This is from the first of the caveats that they list:
> Scoped context: Our tests gave models the vulnerable function directly, often with contextual hints (e.g., "consider wraparound behavior"). A real autonomous discovery pipeline starts from a full codebase with no hints. The models' performance here is an upper bound on what they'd achieve in a fully autonomous scan. That said, a well-designed scaffold naturally produces this kind of scoped context through its targeting and iterative prompting stages, which is exactly what both AISLE's and Anthropic's systems do.
That's why their point is what the subheadline says, that the moat is the system, not the model.
Everybody so far here seems to be misunderstanding the point they are making.
I get what you're saying, but I think this is still missing something pretty critical.
The smaller models can recognize the bug when they're looking right at it, that seems to be verified. And with AISLE's approach you can iteratively feed the models one segment at a time cheaply. But if a bug spans multiple segments, the small model doesn't have the breadth of context to understand those segments in composite.
The advantage of the larger model is that it can retain more context and potentially find bugs that require more code context than one segment at a time.
That said, the bugs showcased in the mythos paper all seemed to be shallow bugs that start and end in a single input segment, which is why AISLE was able to find them. But having more context in the window theoretically puts less shallow bugs within range for the model.
I think the point they are making, that the model doesn't matter as much as the harness, stands for shallow bugs but not for vulnerability discovery in general.
huh, running it over each function in theory but testing just the specific ones here makes sense, but that hint?!
> That's why their point is what the subheadline says, that the moat is the system, not the model.
I'm skeptical; they provided a tiny piece of code and a hint to the possible problem, and their system found the bug using a small model.
That is hardly useful, is it?

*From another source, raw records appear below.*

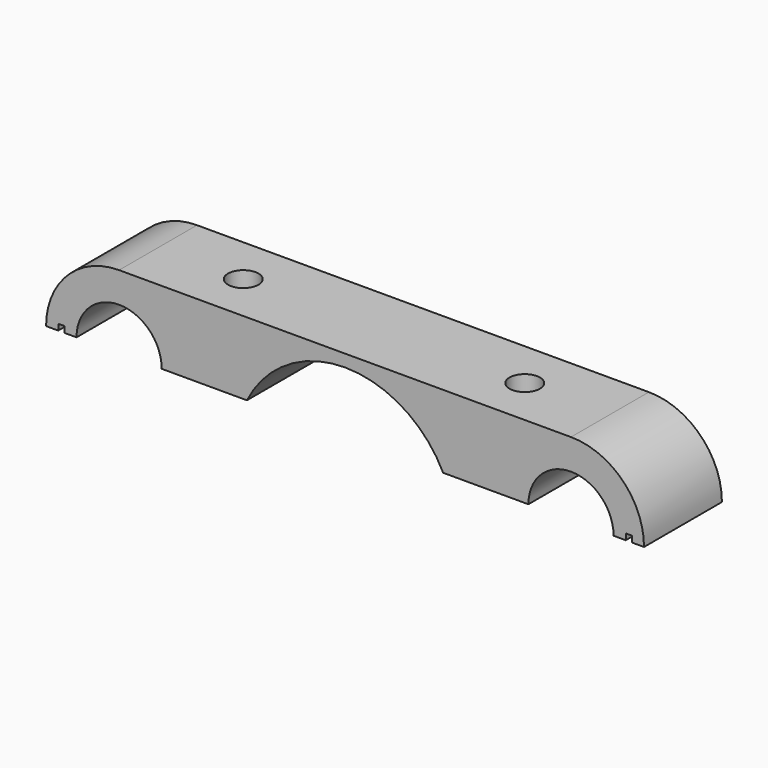
from build123d import *

# Parameters (mm, degrees)
F1_DEPTH = 8
F3_R     = 11.99999
F4_D     = 5
F5_W     = 1
F5_H     = 16
F6_DEPTH = 1


# Not quite as in the source:
# - a fillet or chamfer is up to 0.001 mm smaller than in the source, because OpenCascade refuses the exact size


with BuildPart() as f1:
    # F0 (on Front) → F1 (new body, symmetric)
    with BuildSketch(Plane.XZ):
        with BuildLine():
            Line((-38.25, -6), (-33.25, -6))
            ThreePointArc((-33.25, -6), (-26.25, 1), (-19.25, -6))
            Line((-19.25, -6), (-5.2495154966, -6))
            ThreePointArc((-5.2495154966, -6), (10.875, 4), (26.9995154966, -6))
            Line((26.9995154966, -6), (41, -6))
            ThreePointArc((41, -6), (48, 1), (55, -6))
            Line((55, -6), (60, -6))
            Line((60, -6), (60, 6))
            Line((60, 6), (-38.25, 6))
            Line((-38.25, 6), (-38.25, -6))
        make_face()
    extrude(amount=F1_DEPTH, both=True)

    # F3 (radius 12 in the source; OpenCascade refuses exactly that, so slightly less here)
    f3_edges = [f1.edges().sort_by_distance(p)[0] for p in [
        (-38.25, 0, 6),
        (60, 0, 6),
    ]]
    fillet(f3_edges, radius=F3_R)

    # F4 (through all)
    with Locations(Plane.XY.offset(6)):
        with Locations((-12.25, 0), (34, 0)):
            Hole(F4_D / 2)

    # F5 (on face) → F6 (cut)
    with BuildSketch(Plane(origin=(0, 0, -6), x_dir=(1, 0, 0), z_dir=(0, 0, -1))):
        with Locations((-35.75, 0)):
            Rectangle(F5_W, F5_H)
        with Locations((57.5, 0)):
            Rectangle(F5_W, F5_H)
    extrude(amount=-F6_DEPTH, mode=Mode.SUBTRACT)


solid = f1.part
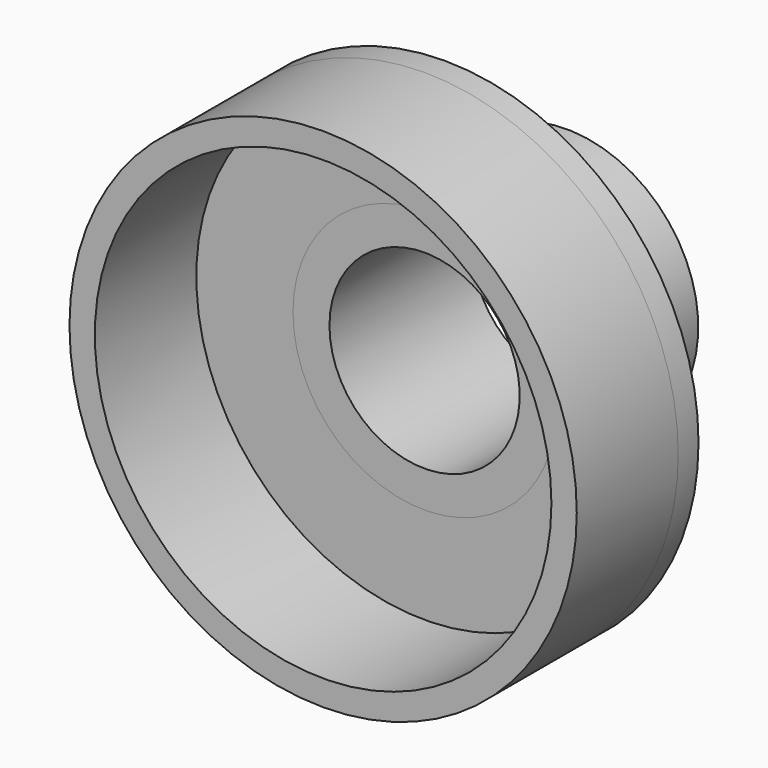
from build123d import *

# Parameters (mm, degrees)
F0_R     = 25.4
F0_R_2   = 22.86
F1_DEPTH = 3.81
F2_DEPTH = 12.7
F3_R     = 25.4
F3_R_2   = 22.86
F3_R_3   = 13.1826
F4_DEPTH = 2.54
F3_R_4   = 9.525
F5_DEPTH = 17.78


with BuildPart() as f1:
    # F0 (on Front) → F1 (new body)
    with BuildSketch(Plane.XZ):
        Circle(F0_R)
        Circle(F0_R_2, mode=Mode.SUBTRACT)
    extrude(amount=F1_DEPTH)

    # F0 (on Front) → F2 (join)
    with BuildSketch(Plane.XZ):
        Circle(F0_R)
        Circle(F0_R_2, mode=Mode.SUBTRACT)
    extrude(amount=F2_DEPTH)

    # F3 (on face) → F4 (join)
    with BuildSketch(Plane(origin=(0, 0, 0), x_dir=(-1, 0, 0), z_dir=(0, 1, 0))):
        Circle(F3_R)
        Circle(F3_R_2, mode=Mode.SUBTRACT)
        Circle(F3_R_2)
        Circle(F3_R_3, mode=Mode.SUBTRACT)
    extrude(amount=F4_DEPTH)

    # F3 (on face) → F5 (join)
    with BuildSketch(Plane(origin=(0, 0, 0), x_dir=(-1, 0, 0), z_dir=(0, 1, 0))):
        Circle(F3_R_3)
        Circle(F3_R_4, mode=Mode.SUBTRACT)
    extrude(amount=F5_DEPTH)


solid = f1.part

In order to get the same result , they had to know both where the bug is and what the bug is.
All these companies in the business of "reselling tokens, but with a markup" aren't going to last long. The only strategy is "get bought out and cash out before the bubble pops".
> That's why their point is what the subheadline says, that the moat is the system, not the model.
Can you expand a bit more on this? What is the system then in this case? And how was that model created? By AI? By humans?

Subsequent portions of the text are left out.